Normalized frequency spectrums, stress-time curve, AE event number and energy of α-Mg phase class and LPSO phase class diveded by SVM are shown in Fig. 7 and Fig. 8. Differences could be found at 650 kHz and 900 kHz. The SVM model could distinguish AE signal source with high accuracies as shown in Table 1. In Mg₉₇Zn₁Y₂ alloy, the number of AE events of α-Mg phase class was higher than that of LPSO phase class, which could be the evidence of more active deformations in α-Mg phase. Both classes shared a similar trend during the compressing process. In Mg₈₉Zn₄Y₇ alloy, due to a higher volume fraction of the LPSO phase, the number of AE event of LPSO phase class was almost equal to that of α-Mg phase. AE event of LPSO phase class kept generating in the whole strain hardening process while AE event of α-Mg phase only activated at the first half of the hardening process.

Fig. 7

(a) Normalized frequency spectrum centers of the Mg phase class and LPSO phase class divided by SVM. Stress-time curve and AE behaviors of (b) Mg₉₇Zn₁Y₂ alloy and (c) Mg₈₉Zn₄Y₇ alloy.

Fig. 8

Specific period of stress-time curve and AE behaviors of the Mg phase class and LPSO phase class of (a) Mg₉₇Zn₁Y₂ alloy and (b) Mg₈₉Zn₄Y₇ alloy.

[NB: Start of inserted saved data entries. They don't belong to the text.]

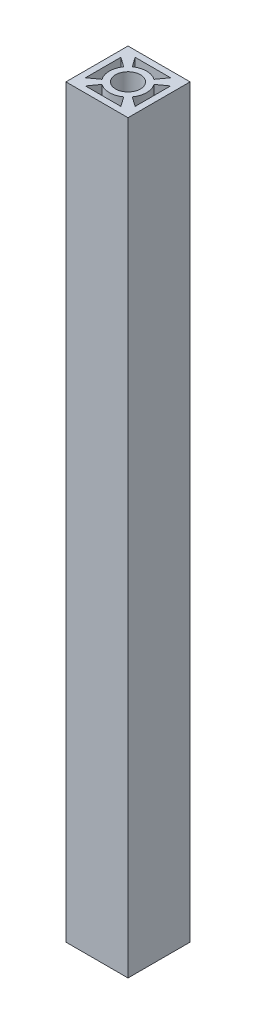
ISO-10303-21;
HEADER;
FILE_DESCRIPTION(('STEP AP214'),'2;1');
FILE_NAME('part.step','',(''),(''),'','','');
FILE_SCHEMA(('AUTOMOTIVE_DESIGN { 1 0 10303 214 1 1 1 1 }'));
ENDSEC;
DATA;
#1=APPLICATION_CONTEXT('core data for automotive mechanical design processes');
#2=APPLICATION_PROTOCOL_DEFINITION('international standard','automotive_design',2000,#1);
#3=PRODUCT_CONTEXT('',#1,'mechanical');
#4=PRODUCT('Part','Part','',(#3));
#5=PRODUCT_RELATED_PRODUCT_CATEGORY('part','',(#4));
#6=PRODUCT_DEFINITION_FORMATION('','',#4);
#7=PRODUCT_DEFINITION_CONTEXT('part definition',#1,'design');
#8=PRODUCT_DEFINITION('design','',#6,#7);
#9=PRODUCT_DEFINITION_SHAPE('','',#8);
#10=(LENGTH_UNIT() NAMED_UNIT(*) SI_UNIT(.MILLI.,.METRE.));
#11=(NAMED_UNIT(*) PLANE_ANGLE_UNIT() SI_UNIT($,.RADIAN.));
#12=(NAMED_UNIT(*) SI_UNIT($,.STERADIAN.) SOLID_ANGLE_UNIT());
#13=UNCERTAINTY_MEASURE_WITH_UNIT(LENGTH_MEASURE(1.E-05),#10,'distance_accuracy_value','');
#14=(GEOMETRIC_REPRESENTATION_CONTEXT(3) GLOBAL_UNCERTAINTY_ASSIGNED_CONTEXT((#13)) GLOBAL_UNIT_ASSIGNED_CONTEXT((#10,
#11,#12)) REPRESENTATION_CONTEXT('',''));
#15=CARTESIAN_POINT('',(0.,0.,0.));
#16=DIRECTION('',(0.,0.,1.));
#17=DIRECTION('',(1.,0.,0.));
#18=AXIS2_PLACEMENT_3D('',#15,#16,#17);
#19=CARTESIAN_POINT('',(49.9999999999999,600.,100.));
#20=DIRECTION('',(-1.,0.,0.));
#21=DIRECTION('',(0.,-1.,0.));
#22=AXIS2_PLACEMENT_3D('',#19,#20,#21);
#23=PLANE('',#22);
#24=DIRECTION('',(0.,1.,0.));
#25=VECTOR('',#24,1.);
#26=CARTESIAN_POINT('',(49.9999999999999,600.,0.));
#27=LINE('',#26,#25);
#28=CARTESIAN_POINT('',(50.0000000000001,-600.,0.));
#29=VERTEX_POINT('',#28);
#30=CARTESIAN_POINT('',(49.9999999999999,600.,0.));
#31=VERTEX_POINT('',#30);
#32=EDGE_CURVE('E303',#29,#31,#27,.T.);
#33=ORIENTED_EDGE('',*,*,#32,.T.);
#34=DIRECTION('',(0.,0.,-1.));
#35=VECTOR('',#34,1.);
#36=CARTESIAN_POINT('',(49.9999999999999,600.,100.));
#37=LINE('',#36,#35);
#38=CARTESIAN_POINT('',(49.9999999999999,600.,100.));
#39=VERTEX_POINT('',#38);
#40=EDGE_CURVE('E11',#39,#31,#37,.T.);
#41=ORIENTED_EDGE('',*,*,#40,.F.);
#42=DIRECTION('',(0.,1.,0.));
#43=VECTOR('',#42,1.);
#44=CARTESIAN_POINT('',(49.9999999999999,600.,100.));
#45=LINE('',#44,#43);
#46=CARTESIAN_POINT('',(50.0000000000001,-600.,100.));
#47=VERTEX_POINT('',#46);
#48=EDGE_CURVE('E310',#47,#39,#45,.T.);
#49=ORIENTED_EDGE('',*,*,#48,.F.);
#50=DIRECTION('',(0.,0.,-1.));
#51=VECTOR('',#50,1.);
#52=CARTESIAN_POINT('',(50.0000000000001,-600.,100.));
#53=LINE('',#52,#51);
#54=EDGE_CURVE('E320',#47,#29,#53,.T.);
#55=ORIENTED_EDGE('',*,*,#54,.T.);
#56=EDGE_LOOP('',(#33,#41,#49,#55));
#57=FACE_BOUND('',#56,.T.);
#58=ADVANCED_FACE('F35',(#57),#23,.F.);
#59=CARTESIAN_POINT('',(-50.0000000000001,600.,100.));
#60=DIRECTION('',(0.,-1.,0.));
#61=DIRECTION('',(0.,0.,-1.));
#62=AXIS2_PLACEMENT_3D('',#59,#60,#61);
#63=PLANE('',#62);
#64=DIRECTION('',(-0.58127467016539,0.,0.813707415367537));
#65=VECTOR('',#64,1.);
#66=CARTESIAN_POINT('',(-28.5741365600266,600.,89.9999999999997));
#67=LINE('',#66,#65);
#68=CARTESIAN_POINT('',(-17.438240104964,600.,74.4112224610246));
#69=VERTEX_POINT('',#68);
#70=CARTESIAN_POINT('',(-28.5741365600266,600.,89.9999999999997));
#71=VERTEX_POINT('',#70);
#72=EDGE_CURVE('E198',#69,#71,#67,.T.);
#73=ORIENTED_EDGE('',*,*,#72,.F.);
#74=CARTESIAN_POINT('',(0.,600.,50.));
#75=DIRECTION('',(0.,-1.,0.));
#76=DIRECTION('',(0.,0.,1.));
#77=AXIS2_PLACEMENT_3D('',#74,#75,#76);
#78=CIRCLE('',#77,29.9999999999984);
#79=CARTESIAN_POINT('',(17.438240104957,600.,74.4112224610255));
#80=VERTEX_POINT('',#79);
#81=EDGE_CURVE('E49',#80,#69,#78,.T.);
#82=ORIENTED_EDGE('',*,*,#81,.F.);
#83=DIRECTION('',(-0.581274670165418,0.,-0.813707415367517));
#84=VECTOR('',#83,1.);
#85=CARTESIAN_POINT('',(17.438240104957,600.,74.4112224610255));
#86=LINE('',#85,#84);
#87=CARTESIAN_POINT('',(28.5741365600201,600.,90.0000000000004));
#88=VERTEX_POINT('',#87);
#89=EDGE_CURVE('E189',#88,#80,#86,.T.);
#90=ORIENTED_EDGE('',*,*,#89,.F.);
#91=DIRECTION('',(1.,0.,0.));
#92=VECTOR('',#91,1.);
#93=CARTESIAN_POINT('',(28.5741365600201,600.,90.0000000000004));
#94=LINE('',#93,#92);
#95=EDGE_CURVE('E192',#71,#88,#94,.T.);
#96=ORIENTED_EDGE('',*,*,#95,.F.);
#97=EDGE_LOOP('',(#73,#82,#90,#96));
#98=FACE_BOUND('',#97,.T.);
#99=DIRECTION('',(0.813707415367539,0.,0.581274670165387));
#100=VECTOR('',#99,1.);
#101=CARTESIAN_POINT('',(39.9999999999998,600.,78.5741365600263));
#102=LINE('',#101,#100);
#103=CARTESIAN_POINT('',(24.4112224610245,600.,67.4382401049639));
#104=VERTEX_POINT('',#103);
#105=CARTESIAN_POINT('',(39.9999999999998,600.,78.5741365600263));
#106=VERTEX_POINT('',#105);
#107=EDGE_CURVE('E223',#104,#106,#102,.T.);
#108=ORIENTED_EDGE('',*,*,#107,.F.);
#109=CARTESIAN_POINT('',(0.,600.,50.));
#110=DIRECTION('',(0.,-1.,0.));
#111=DIRECTION('',(0.,0.,1.));
#112=AXIS2_PLACEMENT_3D('',#109,#110,#111);
#113=CIRCLE('',#112,29.9999999999984);
#114=CARTESIAN_POINT('',(24.4112224610254,600.,32.5617598950428));
#115=VERTEX_POINT('',#114);
#116=EDGE_CURVE('E204',#115,#104,#113,.T.);
#117=ORIENTED_EDGE('',*,*,#116,.F.);
#118=DIRECTION('',(-0.813707415367515,0.,0.581274670165421));
#119=VECTOR('',#118,1.);
#120=CARTESIAN_POINT('',(24.4112224610254,600.,32.5617598950428));
#121=LINE('',#120,#119);
#122=CARTESIAN_POINT('',(40.0000000000002,600.,21.4258634399797));
#123=VERTEX_POINT('',#122);
#124=EDGE_CURVE('E212',#123,#115,#121,.T.);
#125=ORIENTED_EDGE('',*,*,#124,.F.);
#126=DIRECTION('',(0.,0.,-1.));
#127=VECTOR('',#126,1.);
#128=CARTESIAN_POINT('',(40.0000000000002,600.,21.4258634399797));
#129=LINE('',#128,#127);
#130=EDGE_CURVE('E226',#106,#123,#129,.T.);
#131=ORIENTED_EDGE('',*,*,#130,.F.);
#132=EDGE_LOOP('',(#108,#117,#125,#131));
#133=FACE_BOUND('',#132,.T.);
#134=DIRECTION('',(0.581274670165385,0.,-0.813707415367541));
#135=VECTOR('',#134,1.);
#136=CARTESIAN_POINT('',(28.5741365600261,600.,10.0000000000001));
#137=LINE('',#136,#135);
#138=CARTESIAN_POINT('',(17.4382401049637,600.,25.5887775389753));
#139=VERTEX_POINT('',#138);
#140=CARTESIAN_POINT('',(28.5741365600261,600.,10.0000000000001));
#141=VERTEX_POINT('',#140);
#142=EDGE_CURVE('E255',#139,#141,#137,.T.);
#143=ORIENTED_EDGE('',*,*,#142,.F.);
#144=CARTESIAN_POINT('',(0.,600.,50.));
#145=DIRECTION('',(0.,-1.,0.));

Table 1 Accuracy of the SVM model.

The mixed composition of α-Mg phase and LPSO phase greatly improves the strength and elongation of the Mg₉₇Zn₁Y₂ alloy and Mg₈₉Zn₄Y₇ alloy. In addition, the different volume fraction of LPSO phase lead to significant differences in the stress-time curve. In the aspect of AE, curves of AE event number and time of pure magnesium and Mg₉₇Zn₁Y₂ alloy show similar trends. Conversely, AE signals of Mg₈₉Zn₄Y₇ alloy behave differently from that of DS LPSO alloy even if Mg₈₉Zn₄Y₇ alloy was composed by 85% of LPSO phase, which is assumed to be caused by the difference in microstructure.

In the machine learning results, the SVM model can keep good consistency when testing AE data of the same type of material. However, the verifying results with specimens in additional compression tests are not as high as the accuracy obtained in the model training process as shown in Table 1 due to the reason that both α-Mg phase and LPSO phase in Mg–Y–Zn alloys share same deformation mechanisms. Accuracy for predicting AE data from DS LPSO alloy was much lower than that of pure magnesium indicating higher rate of AE signals released by shared mechanisms in the DS LPSO alloy.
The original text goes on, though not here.